(Data excerpts)
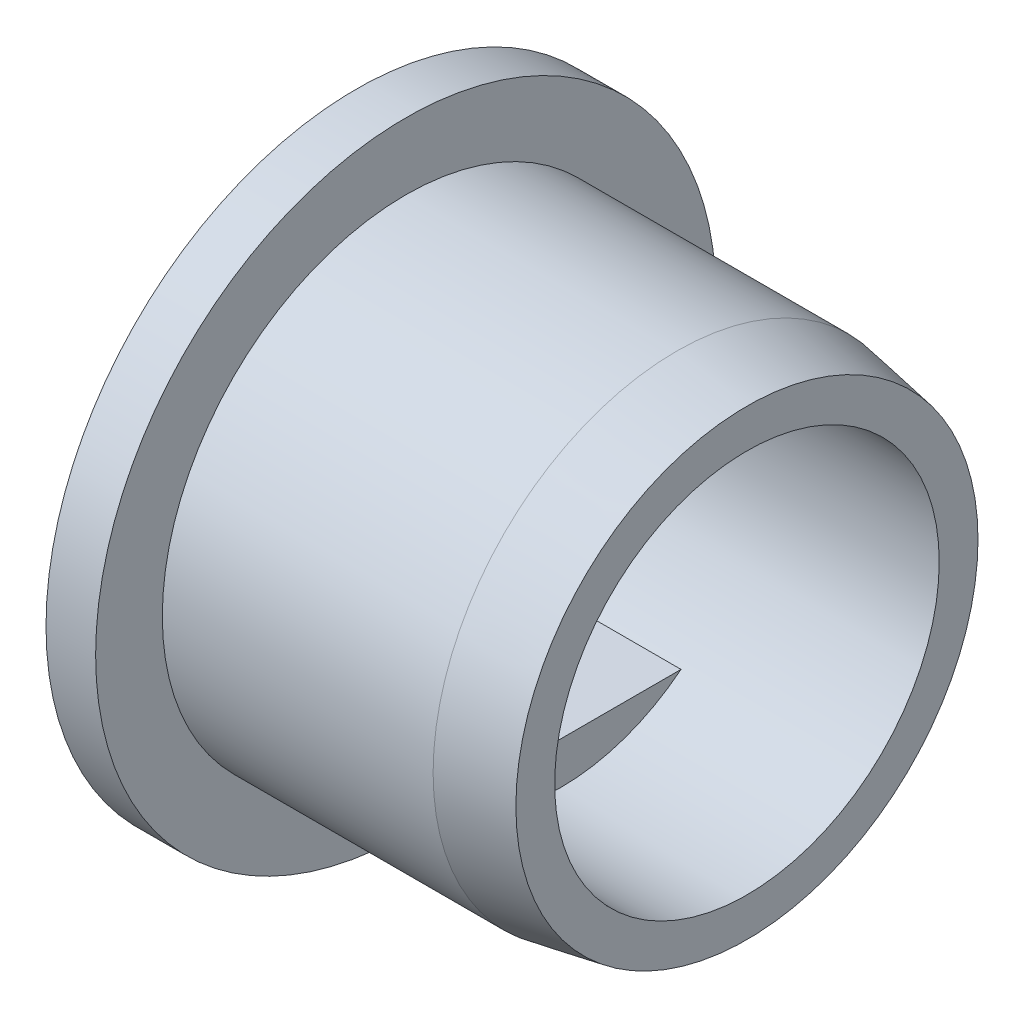
from build123d import *

# Parameters (mm, degrees)
SKETCH1_R                = 20
BOSS_EXTRUDE1_DEPTH      = 150
SKETCH1_3_R              = 8.5
BOSS_EXTRUDE2_DEPTH      = 0.8
BOSS_EXTRUDE3_START      = -0.8
SKETCH1_4_R              = 3.925
BOSS_EXTRUDE3_DEPTH      = 8.5
BOSS_EXTRUDE4_START      = 150
SKETCH1_9_R              = 8.5
SKETCH1_9_R_2            = 3.925
BOSS_EXTRUDE4_DEPTH      = 0.8
BOSS_EXTRUDE5_START      = 150.8
SKETCH1_10_R             = 3.925
BOSS_EXTRUDE5_DEPTH      = 5.5
SKETCH2_W                = 1
SKETCH2_H                = 2
SKETCH3_R                = 22.5
BOSS_EXTRUDE6_DEPTH      = 10
CUT_EXTRUDE1_START       = 156.3
CUT_EXTRUDE1_DEPTH       = 20
CUT_EXTRUDE2_START       = 156.3
CUT_EXTRUDE2_DEPTH       = 3
CUT_EXTRUDE3_DEPTH       = 10
FILLET1_R                = 0.5
FILLET2_R                = 1
CIRPATTERN1_COUNT        = 16
FILLET1_OF_CIRPATTERN1_R = 0.5
FILLET2_OF_CIRPATTERN1_R = 1
SKETCH4_OUTSIDE_W        = 82.236
SKETCH4_OUTSIDE_H        = 82.236
CUT_EXTRUDE4_DEPTH       = 10
CHAMFER1_SIZE            = 0.2
CHAMFER1_SIZE2           = 1.134256364
CHAMFER2_SIZE            = 0.2
CHAMFER2_SIZE2           = 1.134256364
SKETCH6_R                = 38.669160418
CUT_EXTRUDE5_DEPTH       = 160.3
SKETCH7_OUTSIDE_W        = 23.97
SKETCH7_OUTSIDE_H        = 23.97
SKETCH7_OUTSIDE_R        = 7
CUT_EXTRUDE6_DEPTH       = 10
SKETCH8_OUTSIDE_W        = 20.156
SKETCH8_OUTSIDE_H        = 20.156
SKETCH8_OUTSIDE_R        = 5
CUT_EXTRUDE7_DEPTH       = 10


with BuildPart() as part:
    # Sketch1 → Boss-Extrude1 (new body)
    with BuildSketch(Plane(origin=(0, 0, 0), x_dir=(0, 0, -1), z_dir=(1, 0, 0))):
        Circle(SKETCH1_R)
    extrude(amount=BOSS_EXTRUDE1_DEPTH)

    # Sketch1_3 → Boss-Extrude2 (add)
    with BuildSketch(Plane(origin=(0, 0, 0), x_dir=(0, 0, -1), z_dir=(1, 0, 0))):
        Circle(SKETCH1_3_R)
    extrude(amount=-BOSS_EXTRUDE2_DEPTH)

    # Sketch1_4 → Boss-Extrude3 (add)
    with BuildSketch(Plane(origin=(0, 0, 0), x_dir=(0, 0, -1), z_dir=(1, 0, 0)).offset(BOSS_EXTRUDE3_START)):
        Circle(SKETCH1_4_R)
    extrude(amount=-BOSS_EXTRUDE3_DEPTH)

    # Sketch1_9 → Boss-Extrude4 (add)
    with BuildSketch(Plane(origin=(0, 0, 0), x_dir=(0, 0, -1), z_dir=(1, 0, 0)).offset(BOSS_EXTRUDE4_START)):
        Circle(SKETCH1_9_R)
        Circle(SKETCH1_9_R_2, mode=Mode.SUBTRACT)
        Circle(SKETCH1_9_R_2)
        with BuildLine():
            ThreePointArc((1.937420966, -2.42), (0, 3.1), (-1.937420966, -2.42))
            ThreePointArc((-1.937420966, -2.42), (0, -3.1), (1.937420966, -2.42))
        make_face(mode=Mode.SUBTRACT)
        with BuildLine():
            Line((-1.937420966, -2.42), (1.937420966, -2.42))
            ThreePointArc((1.937420966, -2.42), (0, 3.1), (-1.937420966, -2.42))
        make_face()
        with BuildLine():
            ThreePointArc((1.937420966, -2.42), (0, -3.1), (-1.937420966, -2.42))
            Line((-1.937420966, -2.42), (1.937420966, -2.42))
        make_face()
    extrude(amount=BOSS_EXTRUDE4_DEPTH)

    # Sketch1_10 → Boss-Extrude5 (add)
    with BuildSketch(Plane(origin=(0, 0, 0), x_dir=(0, 0, -1), z_dir=(1, 0, 0)).offset(BOSS_EXTRUDE5_START)):
        Circle(SKETCH1_10_R)
    extrude(amount=BOSS_EXTRUDE5_DEPTH)

    # Sketch2 → Cut-Revolve1 (revolve, cut)
    with BuildSketch(Plane.XY, mode=Mode.PRIVATE) as cut_revolve1_sk:
        Polygon((27, 20), (1, 20), (1, 18), (14, 18.6), (27, 18), align=None)
        Polygon((27, 18), (27, 20), (28, 20), (29, 20), (29, 18), align=None)
        Polygon((29, 20), (29, 18), (42, 18.6), (55, 18), (55, 20), align=None)
        Polygon((55, 18), (55, 20), (56, 20), (57, 20), (57, 18), align=None)
        Polygon((57, 20), (57, 18), (70, 18.6), (83, 18), (83, 20), align=None)
        Polygon((83, 18), (83, 20), (84, 20), (85, 20), (85, 18), align=None)
        Polygon((85, 20), (85, 18), (98, 18.6), (111, 18), (111, 20), align=None)
        Polygon((111, 18), (111, 20), (112, 20), (113, 20), (113, 18), align=None)
        Polygon((113, 20), (113, 18), (126, 18.6), (139, 18), (139, 19.9), (139, 20), align=None)
        Polygon((140, 20), (139, 20), (139, 19.9), (150, 19.9), (150, 20), align=None)
        with Locations((0.5, 19)):
            Rectangle(SKETCH2_W, SKETCH2_H)
    revolve(cut_revolve1_sk.sketch.rotate(Axis((0, 0, 0), (1, 0, 0)), 90), axis=Axis((0, 0, 0), (1, 0, 0)), mode=Mode.SUBTRACT)  # turned: the seam where the file's is

    # Sketch3 → Boss-Extrude6 (add)
    with BuildSketch(Plane(origin=(150, 0, 0), x_dir=(0, 0, -1), z_dir=(1, 0, 0))):
        Circle(SKETCH3_R)
    extrude(amount=-BOSS_EXTRUDE6_DEPTH)

    # Sketch1_5 → Cut-Extrude1 (cut)
    with BuildSketch(Plane(origin=(0, 0, 0), x_dir=(0, 0, -1), z_dir=(1, 0, 0)).offset(CUT_EXTRUDE1_START)):
        with BuildLine():
            Line((-1.937420966, -2.42), (1.937420966, -2.42))
            ThreePointArc((1.937420966, -2.42), (0, 3.1), (-1.937420966, -2.42))
        make_face()
    extrude(amount=-CUT_EXTRUDE1_DEPTH, mode=Mode.SUBTRACT)

    # Sketch1_8 → Cut-Extrude2 (cut)
    with BuildSketch(Plane(origin=(0, 0, 0), x_dir=(0, 0, -1), z_dir=(1, 0, 0)).offset(CUT_EXTRUDE2_START)):
        with BuildLine():
            ThreePointArc((1.937420966, -2.42), (0, -3.1), (-1.937420966, -2.42))
            Line((-1.937420966, -2.42), (1.937420966, -2.42))
        make_face()
    extrude(amount=-CUT_EXTRUDE2_DEPTH, mode=Mode.SUBTRACT)

    # Sketch3_3 → Cut-Extrude3 (cut)
    with BuildSketch(Plane(origin=(150, 0, 0), x_dir=(0, 0, -1), z_dir=(1, 0, 0))):
        with BuildLine():
            Line((18.793852416, 0), (16.875, 0))
            ThreePointArc((16.875, 0), (16.816528534, -1.403564417), (16.641519339, -2.797402201))
            Line((16.641519339, -2.797402201), (18.533822722, -3.11549417))
            add(Edge.make_bspline(
                [(18.533822722, -3.11549417), (18.540143259, -3.116650367), (18.557818877, -3.120174741), (18.59102423, -3.127948355), (18.644868838, -3.14220254), (18.712949139, -3.162664487), (18.800284389, -3.191738795), (18.902266481, -3.229352045), (19.01333304, -3.274191401), (19.133012214, -3.326732031), (19.251334581, -3.382453012), (19.368317547, -3.441093179), (19.483872699, -3.502252085), (19.622639053, -3.579554465), (19.787320314, -3.676709438), (19.977176405, -3.796702318), (20.189293185, -3.940335966), (20.401861332, -4.094683446), (20.60799726, -4.25307101), (20.812611431, -4.420472139), (21.00798126, -4.587659246), (21.20695704, -4.768722867), (21.388624735, -4.939634627), (21.58456819, -5.136136858), (21.702177554, -5.256735347), (21.796059885, -5.357369907), (21.840902155, -5.406014525)],
                knots=[0, 0, 0, 0, 0, 0.005376749, 0.015083688, 0.02853182, 0.04661014, 0.064854849, 0.092110525, 0.119476176, 0.146842496, 0.174208854, 0.201574956, 0.228941013, 0.256307345, 0.307035032, 0.361767352, 0.416499661, 0.471231937, 0.525964282, 0.580696616, 0.635428982, 0.690161387, 0.744893688, 0.799626082, 0.851029126, 0.851029126, 0.851029126, 0.851029126, 0.851029126], degree=4))
            ThreePointArc((21.840902155, -5.406014525), (22.334617732, -2.723022357), (22.5, 0))
            ThreePointArc((22.5, 0), (22.483713995, 0.855923463), (22.434879558, 1.710607852))
            add(Edge.make_bspline(
                [(18.793852416, 0), (18.800277167, 9.2432e-05), (18.81829247, 0.000637921), (18.852327044, 0.002799463), (18.907789609, 0.007930502), (18.978319976, 0.016823532), (19.06926657, 0.031017834), (19.176072873, 0.051204897), (19.293035835, 0.077012138), (19.419768906, 0.108986367), (19.545691155, 0.144321865), (19.670776454, 0.182758195), (19.79487123, 0.223915106), (19.944532197, 0.277144366), (20.123040519, 0.345655574), (20.33016124, 0.432515425), (20.563153629, 0.538998755), (20.798367194, 0.655972857), (21.027907269, 0.777997426), (21.257440837, 0.909163115), (21.477822489, 1.041650195), (21.704060536, 1.187224031), (21.911547079, 1.32565566), (22.137354045, 1.486957173), (22.27332803, 1.586390737), (22.382593806, 1.670069867), (22.434879558, 1.710607852)],
                knots=[0, 0, 0, 0, 0, 0.005376749, 0.015083688, 0.02853182, 0.04661014, 0.064854849, 0.092110525, 0.119476176, 0.146842496, 0.174208854, 0.201574956, 0.228941013, 0.256307345, 0.307035032, 0.361767352, 0.416499661, 0.471231937, 0.525964282, 0.580696616, 0.635428982, 0.690161387, 0.744893688, 0.799626082, 0.851029126, 0.851029126, 0.851029126, 0.851029126, 0.851029126], degree=4))
        make_face()
        with BuildLine():
            Line((18.793852416, 0), (16.875, 0))
            ThreePointArc((16.875, 0), (16.816528534, -1.403564417), (16.641519339, -2.797402201))
            Line((16.641519339, -2.797402201), (18.533822722, -3.11549417))
            add(Edge.make_bspline(
                [(18.533822722, -3.11549417), (18.540143259, -3.116650367), (18.557818877, -3.120174741), (18.59102423, -3.127948355), (18.644868838, -3.14220254), (18.712949139, -3.162664487), (18.800284389, -3.191738795), (18.902266481, -3.229352045), (19.01333304, -3.274191401), (19.133012214, -3.326732031), (19.251334581, -3.382453012), (19.368317547, -3.441093179), (19.483872699, -3.502252085), (19.622639053, -3.579554465), (19.787320314, -3.676709438), (19.977176405, -3.796702318), (20.189293185, -3.940335966), (20.401861332, -4.094683446), (20.60799726, -4.25307101), (20.812611431, -4.420472139), (21.00798126, -4.587659246), (21.20695704, -4.768722867), (21.388624735, -4.939634627), (21.58456819, -5.136136858), (21.702177554, -5.256735347), (21.796059885, -5.357369907), (21.840902155, -5.406014525)],
                knots=[0, 0, 0, 0, 0, 0.005376749, 0.015083688, 0.02853182, 0.04661014, 0.064854849, 0.092110525, 0.119476176, 0.146842496, 0.174208854, 0.201574956, 0.228941013, 0.256307345, 0.307035032, 0.361767352, 0.416499661, 0.471231937, 0.525964282, 0.580696616, 0.635428982, 0.690161387, 0.744893688, 0.799626082, 0.851029126, 0.851029126, 0.851029126, 0.851029126, 0.851029126], degree=4))
            ThreePointArc((21.840902155, -5.406014525), (22.334617732, -2.723022357), (22.5, 0))
            ThreePointArc((22.5, 0), (22.483713995, 0.855923463), (22.434879558, 1.710607852))
            add(Edge.make_bspline(
                [(18.793852416, 0), (18.800277167, 9.2432e-05), (18.81829247, 0.000637921), (18.852327044, 0.002799463), (18.907789609, 0.007930502), (18.978319976, 0.016823532), (19.06926657, 0.031017834), (19.176072873, 0.051204897), (19.293035835, 0.077012138), (19.419768906, 0.108986367), (19.545691155, 0.144321865), (19.670776454, 0.182758195), (19.79487123, 0.223915106), (19.944532197, 0.277144366), (20.123040519, 0.345655574), (20.33016124, 0.432515425), (20.563153629, 0.538998755), (20.798367194, 0.655972857), (21.027907269, 0.777997426), (21.257440837, 0.909163115), (21.477822489, 1.041650195), (21.704060536, 1.187224031), (21.911547079, 1.32565566), (22.137354045, 1.486957173), (22.27332803, 1.586390737), (22.382593806, 1.670069867), (22.434879558, 1.710607852)],
                knots=[0, 0, 0, 0, 0, 0.005376749, 0.015083688, 0.02853182, 0.04661014, 0.064854849, 0.092110525, 0.119476176, 0.146842496, 0.174208854, 0.201574956, 0.228941013, 0.256307345, 0.307035032, 0.361767352, 0.416499661, 0.471231937, 0.525964282, 0.580696616, 0.635428982, 0.690161387, 0.744893688, 0.799626082, 0.851029126, 0.851029126, 0.851029126, 0.851029126, 0.851029126], degree=4))
        make_face()
    cut_extrude3 = extrude(amount=-CUT_EXTRUDE3_DEPTH, mode=Mode.SUBTRACT)

    # Fillet1
    fillet1_edges = [part.edges().sort_by_distance(p)[0] for p in [
        (145, -2.797402201, -16.641519339),
        (145, 0, -16.875),
    ]]
    fillet(fillet1_edges, radius=FILLET1_R)

    # Fillet2
    fillet2_edges = [part.edges().sort_by_distance(p)[0] for p in [
        (145, 1.710607852, -22.434879558),
        (145, -5.406014525, -21.840902155),
    ]]
    fillet(fillet2_edges, radius=FILLET2_R)

    # CirPattern1: Cut-Extrude3 ×16 about axis
    cirpattern1_axis = Axis((126, 0, 0), (-1, 0, 0))
    for i in range(1, CIRPATTERN1_COUNT):
        add(cut_extrude3.rotate(cirpattern1_axis, i * 360 / CIRPATTERN1_COUNT), mode=Mode.SUBTRACT)

    # Fillet1 of CirPattern1
    fillet1_of_cirpattern1_edges = [part.edges().sort_by_distance(p)[0] for p in [
        (145, -8.952896379, -14.304239631),
        (145, -6.457782921, -15.590467111),
        (145, -13.74539324, -9.789269108),
        (145, -11.932426933, -11.932426933),
        (145, -16.445278584, -3.783971103),
        (145, -15.590467111, -6.457782921),
        (145, -16.641519339, 2.797402201),
        (145, -16.875, 0),
        (145, -14.304239631, 8.952896379),
        (145, -15.590467111, 6.457782921),
        (145, -9.789269108, 13.74539324),
        (145, -11.932426933, 11.932426933),
        (145, -3.783971103, 16.445278584),
        (145, -6.457782921, 15.590467111),
        (145, 2.797402201, 16.641519339),
        (145, 0, 16.875),
        (145, 8.952896379, 14.304239631),
        (145, 6.457782921, 15.590467111),
        (145, 13.74539324, 9.789269108),
        (145, 11.932426933, 11.932426933),
        (145, 16.445278584, 3.783971103),
        (145, 15.590467111, 6.457782921),
        (145, 16.641519339, -2.797402201),
        (145, 16.875, 0),
        (145, 14.304239631, -8.952896379),
        (145, 15.590467111, -6.457782921),
        (145, 9.789269108, -13.74539324),
        (145, 11.932426933, -11.932426933),
        (145, 3.783971103, -16.445278584),
        (145, 6.457782921, -15.590467111),
    ]]
    fillet(fillet1_of_cirpattern1_edges, radius=FILLET1_OF_CIRPATTERN1_R)

    # Fillet2 of CirPattern1
    fillet2_of_cirpattern1_edges = [part.edges().sort_by_distance(p)[0] for p in [
        (145, -7.005061131, -21.381747322),
        (145, -13.352657575, -18.109570279),
        (145, -14.654273058, -17.073437883),
        (145, -19.266479551, -11.621220491),
        (145, -20.072504754, -10.165852297),
        (145, -22.247154667, -3.36364523),
        (145, -22.434879558, -1.710607852),
        (145, -21.840902155, 5.406014525),
        (145, -21.381747322, 7.005061131),
        (145, -18.109570279, 13.352657575),
        (145, -17.073437883, 14.654273058),
        (145, -11.621220491, 19.266479551),
        (145, -10.165852297, 20.072504754),
        (145, -3.36364523, 22.247154667),
        (145, -1.710607852, 22.434879558),
        (145, 5.406014525, 21.840902155),
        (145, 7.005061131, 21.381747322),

## Task requirements
In the entries above, tally the lines that hold the string "rotate" and give only the count.

## Task solution
2